(To do):
The reply should hold only the lines below from the one with "#178=FACE_BOUND('',#177,.T.);" to the end, each copied exactly.

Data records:
--- START ---
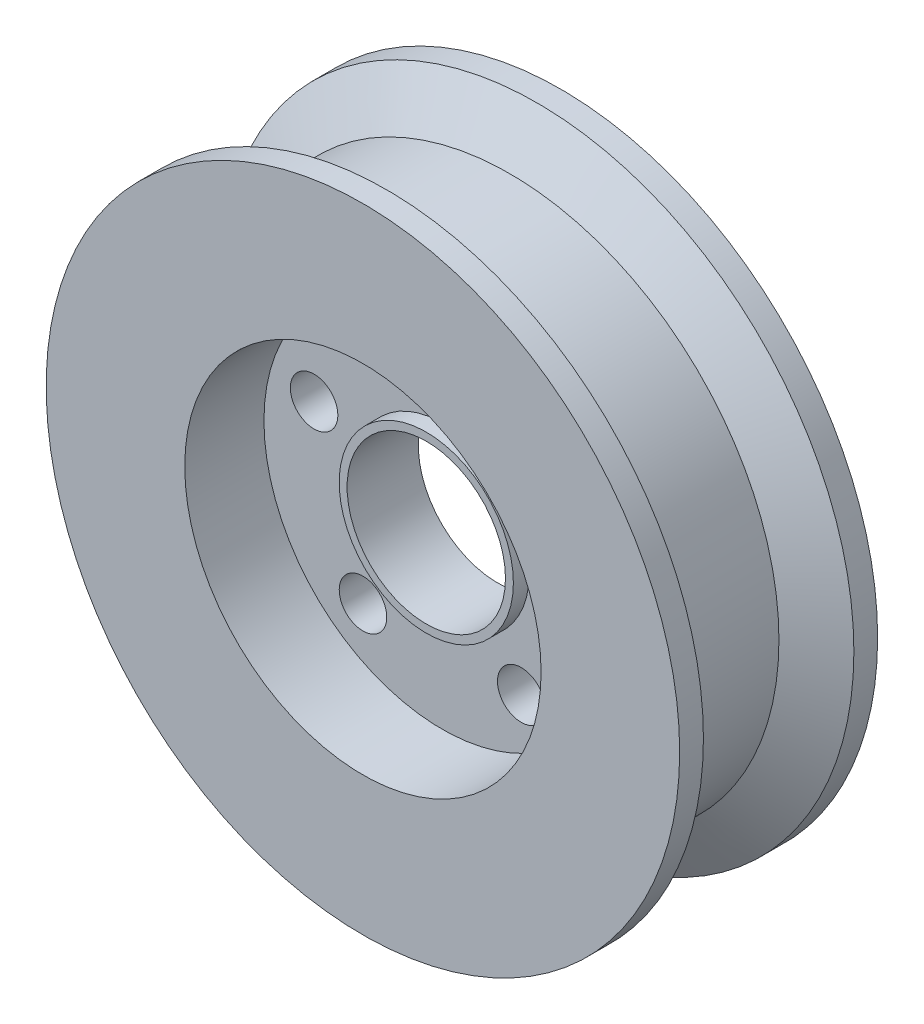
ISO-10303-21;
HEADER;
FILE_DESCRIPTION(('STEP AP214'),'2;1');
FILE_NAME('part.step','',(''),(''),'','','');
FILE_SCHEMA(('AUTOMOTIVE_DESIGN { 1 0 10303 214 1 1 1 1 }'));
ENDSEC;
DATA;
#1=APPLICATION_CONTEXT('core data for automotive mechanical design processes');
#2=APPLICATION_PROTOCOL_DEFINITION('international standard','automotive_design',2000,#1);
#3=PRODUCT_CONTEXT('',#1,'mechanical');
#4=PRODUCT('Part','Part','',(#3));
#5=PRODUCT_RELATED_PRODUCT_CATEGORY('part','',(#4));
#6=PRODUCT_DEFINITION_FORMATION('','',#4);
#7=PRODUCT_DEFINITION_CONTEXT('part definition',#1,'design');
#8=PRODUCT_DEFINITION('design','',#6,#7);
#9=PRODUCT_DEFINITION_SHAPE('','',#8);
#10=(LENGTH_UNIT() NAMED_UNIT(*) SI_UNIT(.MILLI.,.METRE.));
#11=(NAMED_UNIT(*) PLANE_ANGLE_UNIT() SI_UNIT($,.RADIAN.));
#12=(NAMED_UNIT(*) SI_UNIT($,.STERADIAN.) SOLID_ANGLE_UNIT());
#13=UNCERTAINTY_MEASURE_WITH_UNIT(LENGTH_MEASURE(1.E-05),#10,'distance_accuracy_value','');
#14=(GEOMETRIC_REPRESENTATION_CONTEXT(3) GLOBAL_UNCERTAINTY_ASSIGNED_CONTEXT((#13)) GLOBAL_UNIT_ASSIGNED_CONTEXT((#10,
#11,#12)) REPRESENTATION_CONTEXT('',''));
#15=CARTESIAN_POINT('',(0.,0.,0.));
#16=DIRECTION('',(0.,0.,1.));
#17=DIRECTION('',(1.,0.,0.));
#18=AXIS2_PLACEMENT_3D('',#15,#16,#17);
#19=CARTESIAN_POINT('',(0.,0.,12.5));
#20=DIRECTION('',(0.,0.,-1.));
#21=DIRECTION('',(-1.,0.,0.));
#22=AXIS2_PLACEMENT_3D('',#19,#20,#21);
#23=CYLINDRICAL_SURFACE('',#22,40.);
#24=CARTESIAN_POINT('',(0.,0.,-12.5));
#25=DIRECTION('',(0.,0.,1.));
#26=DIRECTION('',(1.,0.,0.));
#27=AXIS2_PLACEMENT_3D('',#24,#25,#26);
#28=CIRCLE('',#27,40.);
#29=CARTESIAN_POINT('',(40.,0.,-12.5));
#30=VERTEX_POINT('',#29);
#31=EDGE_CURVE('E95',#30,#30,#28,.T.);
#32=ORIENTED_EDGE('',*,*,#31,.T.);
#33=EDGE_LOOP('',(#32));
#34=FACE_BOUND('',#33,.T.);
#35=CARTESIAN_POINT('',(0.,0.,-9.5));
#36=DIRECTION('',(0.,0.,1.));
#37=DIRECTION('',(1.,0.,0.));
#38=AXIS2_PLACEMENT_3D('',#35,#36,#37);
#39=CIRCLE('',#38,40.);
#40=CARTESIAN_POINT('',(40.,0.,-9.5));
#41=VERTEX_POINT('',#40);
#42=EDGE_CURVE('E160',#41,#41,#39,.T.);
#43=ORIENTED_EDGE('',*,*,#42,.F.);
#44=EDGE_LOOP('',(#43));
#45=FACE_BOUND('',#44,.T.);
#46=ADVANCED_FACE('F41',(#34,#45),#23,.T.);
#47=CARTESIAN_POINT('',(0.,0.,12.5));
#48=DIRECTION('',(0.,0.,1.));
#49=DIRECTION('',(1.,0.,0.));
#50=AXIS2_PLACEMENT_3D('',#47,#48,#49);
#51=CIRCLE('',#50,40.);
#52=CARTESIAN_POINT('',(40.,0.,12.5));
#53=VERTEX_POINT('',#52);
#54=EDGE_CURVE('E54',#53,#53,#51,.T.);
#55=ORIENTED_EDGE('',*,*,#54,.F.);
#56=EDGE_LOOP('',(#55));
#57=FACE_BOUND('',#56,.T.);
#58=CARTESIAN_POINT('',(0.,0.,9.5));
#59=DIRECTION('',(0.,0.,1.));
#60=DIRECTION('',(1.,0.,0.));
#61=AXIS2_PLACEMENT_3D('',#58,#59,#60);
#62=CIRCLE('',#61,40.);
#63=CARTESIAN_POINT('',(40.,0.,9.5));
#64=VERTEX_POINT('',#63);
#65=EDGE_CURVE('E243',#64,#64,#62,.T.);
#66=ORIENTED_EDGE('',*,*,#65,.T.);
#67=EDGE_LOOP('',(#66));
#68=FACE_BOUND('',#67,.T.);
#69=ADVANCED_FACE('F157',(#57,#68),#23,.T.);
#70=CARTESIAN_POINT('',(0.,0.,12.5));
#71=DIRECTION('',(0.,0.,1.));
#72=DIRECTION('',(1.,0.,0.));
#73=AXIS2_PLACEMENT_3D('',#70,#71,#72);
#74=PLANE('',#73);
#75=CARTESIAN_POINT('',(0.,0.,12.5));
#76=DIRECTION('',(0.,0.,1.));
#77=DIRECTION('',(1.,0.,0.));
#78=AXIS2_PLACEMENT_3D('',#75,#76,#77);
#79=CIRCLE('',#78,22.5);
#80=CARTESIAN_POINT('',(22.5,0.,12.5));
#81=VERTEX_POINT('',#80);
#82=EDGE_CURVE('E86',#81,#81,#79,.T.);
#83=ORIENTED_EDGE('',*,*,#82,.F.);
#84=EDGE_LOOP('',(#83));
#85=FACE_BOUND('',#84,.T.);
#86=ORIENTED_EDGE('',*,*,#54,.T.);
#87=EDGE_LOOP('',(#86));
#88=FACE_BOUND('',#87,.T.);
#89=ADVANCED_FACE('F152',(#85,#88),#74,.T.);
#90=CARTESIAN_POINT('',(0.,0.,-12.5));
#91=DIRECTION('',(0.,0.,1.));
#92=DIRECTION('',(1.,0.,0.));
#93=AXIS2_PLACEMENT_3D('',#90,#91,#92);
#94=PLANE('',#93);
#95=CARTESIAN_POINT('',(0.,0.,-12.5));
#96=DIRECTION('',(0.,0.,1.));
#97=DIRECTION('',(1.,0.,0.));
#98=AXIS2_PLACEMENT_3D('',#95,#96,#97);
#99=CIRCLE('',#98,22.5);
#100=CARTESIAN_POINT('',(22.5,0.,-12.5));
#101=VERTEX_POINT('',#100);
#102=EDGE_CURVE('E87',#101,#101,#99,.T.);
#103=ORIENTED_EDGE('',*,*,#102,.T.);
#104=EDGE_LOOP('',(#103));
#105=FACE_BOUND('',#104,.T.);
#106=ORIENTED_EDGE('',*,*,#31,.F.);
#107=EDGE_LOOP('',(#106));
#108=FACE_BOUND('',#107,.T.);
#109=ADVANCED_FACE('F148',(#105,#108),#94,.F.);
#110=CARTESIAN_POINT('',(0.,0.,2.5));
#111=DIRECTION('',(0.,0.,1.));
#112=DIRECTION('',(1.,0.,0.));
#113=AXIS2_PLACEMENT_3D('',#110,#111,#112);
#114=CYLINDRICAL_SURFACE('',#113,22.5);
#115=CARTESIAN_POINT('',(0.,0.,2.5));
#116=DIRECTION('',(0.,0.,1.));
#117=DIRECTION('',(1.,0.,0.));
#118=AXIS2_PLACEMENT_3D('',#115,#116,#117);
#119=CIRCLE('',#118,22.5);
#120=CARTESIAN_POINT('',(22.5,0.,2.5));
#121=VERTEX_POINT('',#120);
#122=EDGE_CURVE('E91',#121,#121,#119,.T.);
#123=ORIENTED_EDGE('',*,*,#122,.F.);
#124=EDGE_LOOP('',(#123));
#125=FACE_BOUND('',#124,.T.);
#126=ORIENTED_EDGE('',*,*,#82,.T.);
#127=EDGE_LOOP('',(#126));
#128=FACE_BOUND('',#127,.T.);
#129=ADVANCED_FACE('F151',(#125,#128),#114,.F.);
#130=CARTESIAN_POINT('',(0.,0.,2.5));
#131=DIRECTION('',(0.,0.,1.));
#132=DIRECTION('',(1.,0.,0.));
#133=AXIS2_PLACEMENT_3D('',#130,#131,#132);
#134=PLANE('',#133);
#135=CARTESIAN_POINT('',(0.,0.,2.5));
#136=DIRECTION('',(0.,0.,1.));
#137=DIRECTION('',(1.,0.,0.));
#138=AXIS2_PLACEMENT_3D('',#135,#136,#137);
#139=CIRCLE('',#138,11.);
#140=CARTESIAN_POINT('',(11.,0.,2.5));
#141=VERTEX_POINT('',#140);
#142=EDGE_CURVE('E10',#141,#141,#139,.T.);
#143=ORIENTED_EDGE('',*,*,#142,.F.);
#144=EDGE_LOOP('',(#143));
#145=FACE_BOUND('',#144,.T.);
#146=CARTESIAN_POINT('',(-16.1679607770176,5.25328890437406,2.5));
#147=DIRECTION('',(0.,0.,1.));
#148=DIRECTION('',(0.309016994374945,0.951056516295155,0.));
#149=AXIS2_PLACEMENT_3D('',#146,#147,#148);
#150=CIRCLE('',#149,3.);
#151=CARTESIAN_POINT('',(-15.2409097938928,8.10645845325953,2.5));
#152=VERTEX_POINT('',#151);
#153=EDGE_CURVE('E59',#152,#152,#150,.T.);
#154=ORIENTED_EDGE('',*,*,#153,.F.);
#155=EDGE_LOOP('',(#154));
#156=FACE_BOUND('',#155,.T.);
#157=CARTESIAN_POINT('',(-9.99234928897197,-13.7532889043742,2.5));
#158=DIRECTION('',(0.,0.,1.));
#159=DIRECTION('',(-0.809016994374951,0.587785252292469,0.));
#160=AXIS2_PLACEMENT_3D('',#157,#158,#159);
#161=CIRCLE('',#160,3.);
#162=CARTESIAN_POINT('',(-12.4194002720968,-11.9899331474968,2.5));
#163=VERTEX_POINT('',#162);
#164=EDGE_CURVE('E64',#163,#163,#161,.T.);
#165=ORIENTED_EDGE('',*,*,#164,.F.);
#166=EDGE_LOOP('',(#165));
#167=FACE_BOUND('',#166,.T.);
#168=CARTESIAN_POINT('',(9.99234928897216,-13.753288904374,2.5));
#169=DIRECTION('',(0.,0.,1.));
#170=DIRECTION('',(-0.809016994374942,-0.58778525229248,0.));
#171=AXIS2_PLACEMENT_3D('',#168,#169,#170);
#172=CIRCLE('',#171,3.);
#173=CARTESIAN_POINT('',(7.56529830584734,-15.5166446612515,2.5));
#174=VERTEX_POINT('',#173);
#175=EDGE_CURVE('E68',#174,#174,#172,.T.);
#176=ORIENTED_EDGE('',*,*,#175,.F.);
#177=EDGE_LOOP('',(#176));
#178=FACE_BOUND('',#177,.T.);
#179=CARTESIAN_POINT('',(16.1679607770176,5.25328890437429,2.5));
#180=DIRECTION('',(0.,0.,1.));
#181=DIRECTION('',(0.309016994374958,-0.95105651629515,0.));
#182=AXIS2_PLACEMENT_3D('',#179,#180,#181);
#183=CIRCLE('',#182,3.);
--- END ---
(Answer section):
#178=FACE_BOUND('',#177,.T.);
#179=CARTESIAN_POINT('',(16.1679607770176,5.25328890437429,2.5));
#180=DIRECTION('',(0.,0.,1.));
#181=DIRECTION('',(0.309016994374958,-0.95105651629515,0.));
#182=AXIS2_PLACEMENT_3D('',#179,#180,#181);
#183=CIRCLE('',#182,3.);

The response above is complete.